So please can you help me and post one or two meal ideas with very detailed instructions please. I would greatly apreciate it


----------



## Debbie (Feb 11, 2006)

Have you tried going to this site? http://www.kraftfoods.com/kf   I use it quite often.. it has tons of easy recipes, and with products easily available. Plus, there is a cooking school there also. And you can sign up to receive in the snail mail a cooking magazine they send out 5 times a year and its FREE! with tons of recipes in that also. 
but here is an easy one my teenagers liked:
 Easy Barbecued Meatballs
3/4 pound hamburger
3/4 cups bread crumbs
2 tablespoons grated onion
1 beaten egg
3/4 teaspoon salt
1/2 teaspoon pepper
1/4 cup milk
Make into small balls. Put in a bottom of a 9x9 inch baking dish without browning.  Pour Barbecue sauce over all.  Cover and bake for 1 1/2 hours at 350 degrees, or until down.  ( if small balls they can get done quicker) 
Barbecue Sauce
1/4 cup onion, Grated
2 tablespoons brown sugar
1/4 to 1/2 cup water
1 cup ketchup
3/8 cup vinegar
Mix all ingredients together until brown and sugar is dissolved.


----------



## SierraCook (Feb 11, 2006)

Here is a great recipe that can be eaten for breakfast or dinner. 

Easy Skillet Frittata

3 tablespoons oil 
2 cups frozen shredded hash brown potatoes
¼ cup diced green bell pepper
6 eggs, beaten
10 slices cooked bacon, crumbled
½ cup cheese
2 tablespoons milk or water

Heat oil in large non-stick skillet. Add potatoes and green pepper; cook 5 minutes or until potatoes are browned, stirring occasionally. Mix eggs and milk in small bowl. Pour egg mixture evenly over potatoes and green pepper; sprinkle with bacon. Cover and reduce heat to low. Cook 8-11 minutes or until eggs are set. Sprinkle with cheese. Cover and heat until cheese melts. Cut into wedges and serve.

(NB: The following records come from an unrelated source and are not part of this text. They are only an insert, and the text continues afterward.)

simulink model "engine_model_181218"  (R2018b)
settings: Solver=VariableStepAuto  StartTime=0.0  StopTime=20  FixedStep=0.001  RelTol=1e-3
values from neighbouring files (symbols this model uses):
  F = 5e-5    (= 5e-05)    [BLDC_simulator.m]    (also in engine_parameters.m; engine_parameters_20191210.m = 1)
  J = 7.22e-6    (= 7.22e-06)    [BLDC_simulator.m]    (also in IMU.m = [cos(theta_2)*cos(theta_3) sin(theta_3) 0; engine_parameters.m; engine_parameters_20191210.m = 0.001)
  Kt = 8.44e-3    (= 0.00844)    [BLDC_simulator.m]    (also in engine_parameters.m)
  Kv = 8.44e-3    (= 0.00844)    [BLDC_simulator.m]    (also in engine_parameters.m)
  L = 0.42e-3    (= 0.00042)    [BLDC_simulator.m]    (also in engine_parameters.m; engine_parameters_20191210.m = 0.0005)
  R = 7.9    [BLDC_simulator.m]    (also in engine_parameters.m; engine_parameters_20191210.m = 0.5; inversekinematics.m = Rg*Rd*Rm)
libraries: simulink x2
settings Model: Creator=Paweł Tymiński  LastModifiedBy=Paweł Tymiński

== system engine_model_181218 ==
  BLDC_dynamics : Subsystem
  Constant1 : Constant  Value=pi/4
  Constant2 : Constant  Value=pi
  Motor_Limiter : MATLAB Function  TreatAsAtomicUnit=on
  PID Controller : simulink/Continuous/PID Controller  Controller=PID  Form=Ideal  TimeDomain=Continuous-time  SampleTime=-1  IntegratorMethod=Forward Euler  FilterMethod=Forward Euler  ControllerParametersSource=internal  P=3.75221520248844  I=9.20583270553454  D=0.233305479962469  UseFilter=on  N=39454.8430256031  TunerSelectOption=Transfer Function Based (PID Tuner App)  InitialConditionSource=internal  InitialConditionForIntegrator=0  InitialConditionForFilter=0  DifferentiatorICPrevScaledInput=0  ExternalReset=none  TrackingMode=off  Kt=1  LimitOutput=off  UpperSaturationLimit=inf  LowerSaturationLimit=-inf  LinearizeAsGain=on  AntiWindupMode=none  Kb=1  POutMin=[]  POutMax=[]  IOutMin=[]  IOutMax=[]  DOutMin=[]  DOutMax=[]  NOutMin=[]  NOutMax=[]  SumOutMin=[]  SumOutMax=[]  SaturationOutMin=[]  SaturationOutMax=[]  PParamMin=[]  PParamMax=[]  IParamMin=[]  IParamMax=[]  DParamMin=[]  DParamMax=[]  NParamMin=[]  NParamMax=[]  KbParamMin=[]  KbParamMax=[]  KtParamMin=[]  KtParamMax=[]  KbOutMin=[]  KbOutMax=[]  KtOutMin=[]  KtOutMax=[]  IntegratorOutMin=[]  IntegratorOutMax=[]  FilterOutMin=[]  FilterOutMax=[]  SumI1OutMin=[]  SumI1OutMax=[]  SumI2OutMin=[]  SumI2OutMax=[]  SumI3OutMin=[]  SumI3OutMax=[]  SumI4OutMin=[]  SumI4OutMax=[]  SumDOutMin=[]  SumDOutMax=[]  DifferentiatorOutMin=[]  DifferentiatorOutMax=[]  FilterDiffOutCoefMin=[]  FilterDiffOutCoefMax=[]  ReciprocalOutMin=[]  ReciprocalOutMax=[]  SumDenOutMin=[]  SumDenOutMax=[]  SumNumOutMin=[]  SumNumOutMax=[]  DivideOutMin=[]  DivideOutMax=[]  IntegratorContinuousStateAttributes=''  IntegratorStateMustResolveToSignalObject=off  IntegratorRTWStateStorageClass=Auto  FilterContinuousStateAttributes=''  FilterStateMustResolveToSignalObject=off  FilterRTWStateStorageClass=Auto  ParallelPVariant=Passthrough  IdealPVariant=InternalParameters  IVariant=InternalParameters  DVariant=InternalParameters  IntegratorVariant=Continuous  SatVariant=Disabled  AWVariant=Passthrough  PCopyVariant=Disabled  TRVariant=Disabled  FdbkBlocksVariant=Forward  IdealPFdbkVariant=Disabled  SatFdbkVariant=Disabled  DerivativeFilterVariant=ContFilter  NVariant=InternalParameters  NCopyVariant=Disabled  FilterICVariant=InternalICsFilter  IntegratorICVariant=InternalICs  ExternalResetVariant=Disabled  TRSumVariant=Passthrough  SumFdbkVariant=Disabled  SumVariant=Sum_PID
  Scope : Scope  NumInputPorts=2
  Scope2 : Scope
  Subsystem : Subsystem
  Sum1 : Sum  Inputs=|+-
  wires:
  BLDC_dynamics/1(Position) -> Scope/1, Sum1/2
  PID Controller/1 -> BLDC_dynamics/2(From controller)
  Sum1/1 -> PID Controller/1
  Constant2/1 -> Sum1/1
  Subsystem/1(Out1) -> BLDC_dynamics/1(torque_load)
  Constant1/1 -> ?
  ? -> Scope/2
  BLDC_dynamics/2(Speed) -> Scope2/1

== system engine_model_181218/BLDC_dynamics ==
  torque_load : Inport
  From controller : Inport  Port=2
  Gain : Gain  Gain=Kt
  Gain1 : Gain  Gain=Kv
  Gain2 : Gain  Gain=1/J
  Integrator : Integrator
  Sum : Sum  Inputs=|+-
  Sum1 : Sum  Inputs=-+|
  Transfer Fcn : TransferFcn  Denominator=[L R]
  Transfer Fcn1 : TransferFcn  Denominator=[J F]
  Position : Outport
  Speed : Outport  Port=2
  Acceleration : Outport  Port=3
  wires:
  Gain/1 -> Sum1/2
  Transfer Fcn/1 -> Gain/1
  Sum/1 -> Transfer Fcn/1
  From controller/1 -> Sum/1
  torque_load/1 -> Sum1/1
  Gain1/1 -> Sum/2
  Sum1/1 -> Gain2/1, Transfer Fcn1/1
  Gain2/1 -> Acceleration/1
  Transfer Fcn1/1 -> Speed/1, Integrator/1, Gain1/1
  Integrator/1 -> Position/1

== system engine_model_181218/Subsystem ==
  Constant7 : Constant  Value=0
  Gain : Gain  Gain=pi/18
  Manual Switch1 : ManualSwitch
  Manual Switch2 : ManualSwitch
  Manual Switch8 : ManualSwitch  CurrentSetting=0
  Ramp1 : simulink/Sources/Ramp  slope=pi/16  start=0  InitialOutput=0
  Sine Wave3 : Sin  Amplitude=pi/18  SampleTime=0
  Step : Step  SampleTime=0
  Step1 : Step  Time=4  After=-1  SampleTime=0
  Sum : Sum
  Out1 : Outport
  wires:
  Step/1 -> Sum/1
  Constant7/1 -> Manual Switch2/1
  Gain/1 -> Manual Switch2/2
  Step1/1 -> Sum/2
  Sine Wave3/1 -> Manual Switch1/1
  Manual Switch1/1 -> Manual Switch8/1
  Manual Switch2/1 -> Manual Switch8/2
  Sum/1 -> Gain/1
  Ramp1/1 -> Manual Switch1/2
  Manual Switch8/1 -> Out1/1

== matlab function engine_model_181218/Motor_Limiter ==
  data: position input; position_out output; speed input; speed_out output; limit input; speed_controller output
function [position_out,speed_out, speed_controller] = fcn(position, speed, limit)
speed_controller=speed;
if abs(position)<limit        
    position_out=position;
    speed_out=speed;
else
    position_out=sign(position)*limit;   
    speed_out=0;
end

This next recipe is really simple. Just boil 1-2 chicken breasts in water to cook the chicken. Depending on the size of the chicken breasts it should only take 10 minutes in boiling water. To check and see if the breasts are done, cut one in half and no pink should be showing. 

Chicken Pasta Salad

1 envelope Italian salad dressing mix
3 cups uncooked medium shells
1 (16 oz.) package frozen broccoli, green beans, and onions, thawed
8 oz. cooked chicken, diced
1 tablespoon grated Parmesan cheese

Prepare dressing as directed on package. Set aside. Cook pasta as directed. Rinse pasta with cold water and drain. Run cold tap water over vegetables to thaw completely. Drain. Combine pasta, vegetables, chicken, and cheese in a large bowl. Toss with prepared dressing. Chill. Serve on lettuce, if desired.

Serves: 4

This is another easy favorite recipe that is great for lunch or as a side dish for dinner.

Black Bean Salad
Makes 6 to 8 servings

2 cans black beans, drained and rinsed
1 can of corn, drained
1 red bell pepper, seeded & deribbed
1 green bell pepper, seeded & deribbed
1 yellow bell pepper, seeded & deribbed
1/2 cup red onion
1 clove garlic, minced
1 teaspoon cilantro
1/4 cup olive oil
4-5 tablespoons red wine vinegar
1 teaspoon lime juice
Freshly ground pepper
Salt
Tortilla chips

Cut all the bell peppers and the red onion into 1/4 inch dice. In a salad bowl, combine the black beans, bell peppers, onion, corn kernels, garlic and cilantro and toss to mix. Add the olive oil, vinegar, lime juice and salt and pepper to taste and toss again. Serve with tortilla chips.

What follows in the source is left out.